I may have missed his age, but what about a mentor? https://ymca.org.uk/y-mentoring/

Y Mentoring | Youth Mentoring from YMCA

The Y Mentoring programme pairs trained volunteer mentors with young people aged 9-14. Learn more about youth mentoring from YMCA.

https://ymca.org.uk/y-mentoring/

Mulledjuice · 13/03/2025 13:04

I have no experience in this but I'm just wondering

  • can you lean into some of the positive aspects of influence eg physical fitness/sports/yoga, nutrition, vision board, journalling and planning?

And could you (put the money towards) go away somewhere together where you could do something physical - paddleboarding, coasteering, cycling? Somewhere with limited signal and lots of nature!

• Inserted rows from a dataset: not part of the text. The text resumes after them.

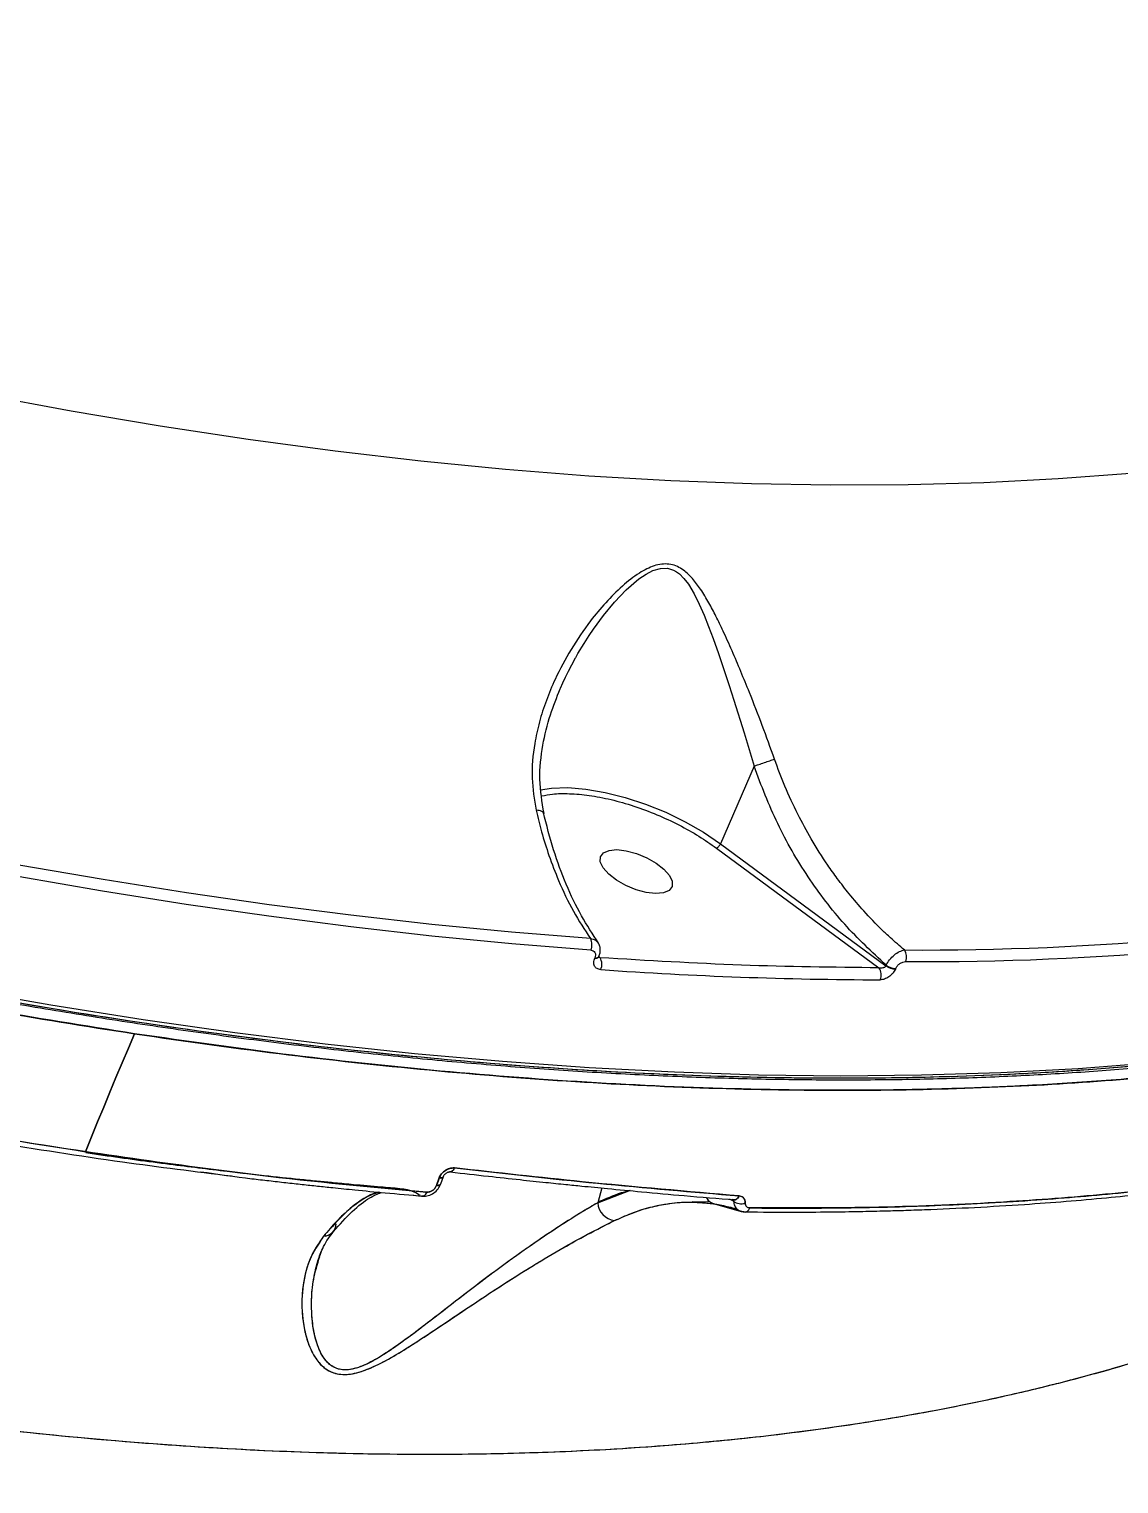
# Model space of a CAD drawing. Header units: millimetres. Extents: x -5873 to 5805, y -5301 to 4302.
# Drawn here: x -439.8 to -313.5, y -436.6 to -268.1 of the extents above; entities that cross this region are included whole.
import ezdxf

# ---------------------------------------------------------------- set-up
doc = ezdxf.new("R2010")
doc.units = ezdxf.units.MM
for name, color, linetype in [('DIKOM_ОБЪЕКТ', 7, 'Continuous'), ('DIKOM_РАЗМЕР_ЗОНА', 7, 'Continuous'), ('DIKOM_РАЗМЕР_ОБЪЕКТА', 7, 'Continuous')]:
    doc.layers.add(name, color=color, linetype=linetype)
doc.styles.add('style1', font='arial.ttf', dxfattribs={"width": 0.8})
doc.dimstyles.new('1-50', dxfattribs={"dimtxt": 300, "dimasz": 200, "dimexe": 100, "dimexo": 0, "dimgap": 100, "dimtad": 1, "dimtxsty": 'style1', "dimcen": 200, "dimclrd": 7, "dimclre": 7, "dimclrt": 7, "dimadec": 1, "dimazin": 2, "dimtfac": 1, "dimtmove": 0, "dimatfit": 2, "dimfxl": 0, "dimlwd": 25, "dimlwe": 18, "dimarcsym": 0})

# ---------------------------------------------------------------- blocks, each defined once
blk = doc.blocks.new('*D9')
at = {"layer": 'Defpoints', "color": 0, "transparency": 16777216}
for p in [(1338.11, 2802.44), (-4588.97, -1585.51), (-117.5, -1585.51)]:
    blk.add_point(p, dxfattribs=at)
at = {"layer": 'DIKOM_РАЗМЕР_ОБЪЕКТА', "color": 7, "lineweight": 18, "transparency": 16777216}
for p, q in [((1338.11, 2802.44), (-4688.97, 2802.44)), ((-117.5, -1585.51), (-4688.97, -1585.51))]:
    blk.add_line(p, q, dxfattribs=at)
at = {"layer": 'DIKOM_РАЗМЕР_ОБЪЕКТА', "color": 7, "lineweight": 25, "transparency": 16777216}
blk.add_line((-4588.97, 2602.44), (-4588.97, -1385.51), dxfattribs=at)
at = {"layer": 'DIKOM_РАЗМЕР_ОБЪЕКТА', "color": 7, "transparency": 16777216}
for points in [[(-4622.31, 2602.44), (-4555.64, 2602.44), (-4588.97, 2802.44)], [(-4622.31, -1385.51), (-4555.64, -1385.51), (-4588.97, -1585.51)]]:
    blk.add_solid(points, dxfattribs=at)
at = {"layer": 'DIKOM_РАЗМЕР_ОБЪЕКТА', "color": 7, "transparency": 16777216, "insert": (-4842.15, 460.98), "char_height": 300, "attachment_point": 5, "rotation": 90, "style": 'style1'}
blk.add_mtext('4400', dxfattribs=at)
blk = doc.blocks.new('*D10')
at = {"layer": 'Defpoints', "color": 0, "transparency": 16777216}
for p in [(4304.51, 1053.39), (-1538.59, -1332.39), (4304.51, -4224.84)]:
    blk.add_point(p, dxfattribs=at)
at = {"layer": 'DIKOM_РАЗМЕР_ОБЪЕКТА', "color": 7, "lineweight": 18, "transparency": 16777216}
for p, q in [((4304.51, 1053.39), (4304.51, -4324.84)), ((-1538.59, -1332.39), (-1538.59, -4324.84))]:
    blk.add_line(p, q, dxfattribs=at)
at = {"layer": 'DIKOM_РАЗМЕР_ОБЪЕКТА', "color": 7, "lineweight": 25, "transparency": 16777216}
blk.add_line((-1338.59, -4224.84), (4104.51, -4224.84), dxfattribs=at)
at = {"layer": 'DIKOM_РАЗМЕР_ОБЪЕКТА', "color": 7, "transparency": 16777216}
for points in [[(-1338.59, -4191.51), (-1338.59, -4258.18), (-1538.59, -4224.84)], [(4104.51, -4191.51), (4104.51, -4258.18), (4304.51, -4224.84)]]:
    blk.add_solid(points, dxfattribs=at)
at = {"layer": 'DIKOM_РАЗМЕР_ОБЪЕКТА', "color": 7, "transparency": 16777216, "insert": (1679.28, -3971.67), "char_height": 300, "attachment_point": 5, "style": 'style1'}
blk.add_mtext('5850', dxfattribs=at)
blk = doc.blocks.new('*D11')
at = {"layer": 'Defpoints', "color": 0, "transparency": 16777216}
for p in [(-510, 4302.44), (-5422.89, -3651.6), (284.83, -3651.6)]:
    blk.add_point(p, dxfattribs=at)
at = {"layer": 'DIKOM_РАЗМЕР_ЗОНА', "color": 7, "lineweight": 18, "transparency": 16777216}
for p, q in [((-510, 4302.44), (-5522.89, 4302.44)), ((284.83, -3651.6), (-5522.89, -3651.6))]:
    blk.add_line(p, q, dxfattribs=at)
at = {"layer": 'DIKOM_РАЗМЕР_ЗОНА', "color": 7, "lineweight": 25, "transparency": 16777216}
blk.add_line((-5422.89, 4102.44), (-5422.89, -3451.6), dxfattribs=at)
at = {"layer": 'DIKOM_РАЗМЕР_ЗОНА', "color": 7, "transparency": 16777216}
for points in [[(-5456.22, 4102.44), (-5389.56, 4102.44), (-5422.89, 4302.44)], [(-5456.22, -3451.6), (-5389.56, -3451.6), (-5422.89, -3651.6)]]:
    blk.add_solid(points, dxfattribs=at)
at = {"layer": 'DIKOM_РАЗМЕР_ЗОНА', "color": 7, "transparency": 16777216, "insert": (-5676.06, -474.49), "char_height": 300, "attachment_point": 5, "rotation": 90, "style": 'style1'}
blk.add_mtext('7950', dxfattribs=at)

msp = doc.modelspace()

# ---------------------------------------------------------------- linework, layer by layer
at = {"layer": 'DIKOM_ОБЪЕКТ', "color": 7, "linetype": 'Continuous', "lineweight": 15}
for p, q in [((-355.781, -353.448), (-359.672, -362.434)), ((-355.779, -353.446), (-355.781, -353.448)), ((-360.141, -362.931), (-341.32, -376.807)), ((-359.672, -362.434), (-340.503, -376.565)), ((-374.223, -375.649), (-374.243, -375.694)), ((-373.765, -375.53), (-373.745, -375.484)), ((-373.626, -375.631), (-373.746, -375.486)), ((-340.503, -376.565), (-340.475, -376.499)), ((-339.371, -376.895), (-339.399, -376.96)), ((-392.076, -401.827), (-391.76, -400.962)), ((-403.87, -401.757), (-403.875, -401.774)), ((-402.956, -401.86), (-402.954, -401.85)), ((-397.179, -402.439), (-396.955, -402.412)), ((-392.579, -402.013), (-392.263, -401.149)), ((-373.431, -402.309), (-373.895, -404.01)), ((-373.895, -404.01), (-370.098, -402.578)), ((-395.292, -403.149), (-394.31, -403.247)), ((-394.31, -403.247), (-394.362, -403.22)), ((-362.985, -403.936), (-360.501, -404.118)), ((-360.834, -403.938), (-362.959, -403.929)), ((-360.501, -404.118), (-357.397, -405.001)), ((-360.12, -404.181), (-356.946, -405.073)), ((-358.159, -403.848), (-358.622, -403.602)), ((-358.159, -403.848), (-358.553, -403.634)), ((-358.008, -403.941), (-358.136, -403.943)), ((-357.395, -404.982), (-356.795, -405.096)), ((-405.491, -407.701), (-405.565, -407.97)), ((-406.428, -411.135), (-406.428, -411.135)), ((-406.174, -410.203), (-406.188, -410.257))]:
    msp.add_line(p, q, dxfattribs=at)
at = {"layer": 'DIKOM_ОБЪЕКТ', "color": 7, "linetype": 'Continuous', "lineweight": 15, "flags": 128}
for points in [[(-445.327, -310.363), (-434.916, -312.297), (-424.606, -314.038), (-414.407, -315.584), (-404.329, -316.935), (-394.38, -318.09), (-384.57, -319.045), (-374.909, -319.802), (-365.405, -320.36), (-356.067, -320.717), (-346.904, -320.873), (-337.924, -320.829), (-329.135, -320.584), (-320.547, -320.139), (-312.166, -319.494)], [(-378.242, -344.497), (-378.207, -344.412), (-377.933, -343.798), (-377.626, -343.14), (-377.281, -342.44), (-376.898, -341.698), (-376.473, -340.918), (-376.439, -340.857), (-376.187, -340.413), (-375.477, -339.23), (-374.89, -338.314), (-374.395, -337.582), (-373.223, -335.983), (-371.964, -334.455), (-370.604, -333.025), (-369.135, -331.761), (-368.289, -331.194), (-367.512, -330.801), (-366.631, -330.542), (-365.823, -330.526), (-365.106, -330.739), (-364.761, -330.93), (-364.424, -331.178), (-363.903, -331.693), (-363.383, -332.371), (-362.723, -333.468), (-362.128, -334.668), (-361.575, -335.939), (-361.048, -337.264), (-360.529, -338.656), (-359.916, -340.383), (-359.314, -342.149), (-358.672, -344.087), (-358.121, -345.793), (-356.933, -349.58), (-355.779, -353.446), (-355.779, -353.446)], [(-380.539, -356.172), (-379.258, -355.989), (-377.355, -355.937), (-375.262, -356.102), (-373.028, -356.481), (-370.706, -357.065), (-368.35, -357.84), (-366.015, -358.788), (-363.756, -359.888), (-361.625, -361.112), (-359.672, -362.434)], [(-374.742, -373.417), (-383.875, -372.68), (-393.129, -371.782), (-402.496, -370.724), (-411.969, -369.505), (-421.544, -368.127), (-431.213, -366.59), (-440.969, -364.897), (-450.806, -363.047)], [(-372.623, -365.947), (-373.262, -365.224), (-373.591, -364.536), (-373.583, -363.939), (-373.238, -363.482), (-372.584, -363.201), (-371.674, -363.119), (-370.583, -363.243), (-369.398, -363.563), (-368.215, -364.052), (-367.13, -364.672), (-366.232, -365.371), (-365.592, -366.094), (-365.263, -366.782), (-365.271, -367.379), (-365.616, -367.836), (-366.27, -368.117), (-367.18, -368.199), (-368.271, -368.075), (-369.457, -367.755), (-370.639, -367.266), (-371.724, -366.646), (-372.623, -365.947)], [(-374.693, -374.76), (-383.846, -374.022), (-393.12, -373.122), (-402.508, -372.061), (-412.003, -370.84), (-421.598, -369.458), (-431.289, -367.919), (-441.066, -366.221), (-450.925, -364.367)], [(-374.223, -375.649), (-374.068, -375.649), (-373.937, -375.627), (-373.834, -375.583), (-373.765, -375.52), (-373.745, -375.484)], [(-309.466, -387.815), (-318.228, -388.495), (-327.197, -388.976), (-336.366, -389.258), (-345.727, -389.34), (-355.271, -389.222), (-364.992, -388.904), (-374.881, -388.387), (-384.929, -387.671), (-395.128, -386.757), (-405.47, -385.645), (-415.945, -384.337), (-426.546, -382.833), (-437.262, -381.134), (-448.085, -379.243)], [(-433.243, -398.108), (-432.545, -396.379), (-431.843, -394.655), (-431.137, -392.937), (-430.427, -391.226), (-429.714, -389.52), (-428.997, -387.82), (-428.276, -386.126), (-427.551, -384.438)], [(-427.551, -384.438), (-428.276, -386.126), (-428.997, -387.82), (-429.714, -389.52), (-430.427, -391.226), (-431.137, -392.937), (-431.843, -394.655), (-432.545, -396.379), (-433.243, -398.108)], [(-391.76, -400.962), (-391.787, -401.015), (-391.842, -401.067), (-391.919, -401.107), (-392.017, -401.135), (-392.132, -401.149), (-392.263, -401.149)], [(-390.499, -399.991), (-390.566, -400.124), (-390.644, -400.239), (-390.73, -400.332), (-390.822, -400.4), (-390.916, -400.442), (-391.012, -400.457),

Katherina198819 · 13/03/2025 15:10

Horriblevirusagain · 13/03/2025 09:21

Your child is a psychopath. I would find a way of getting him out of the house. Call police every time he hits you and tell them you don't want him back as you are scared he will eventually kill you. Find a male family member to move in to protect yourself.

It's nothing to do with a child being a psychopath. He does this because he gets away with it.

My mum probably would have kicked me out (either go to school or you won't stay under my roof) or would have called the police on me if I behaved like this.

OP should do something about it rather than walking on eggshels in her own home. OP, you went way too easy on him for this long - he isn't the only one who should change behaviour, but you too!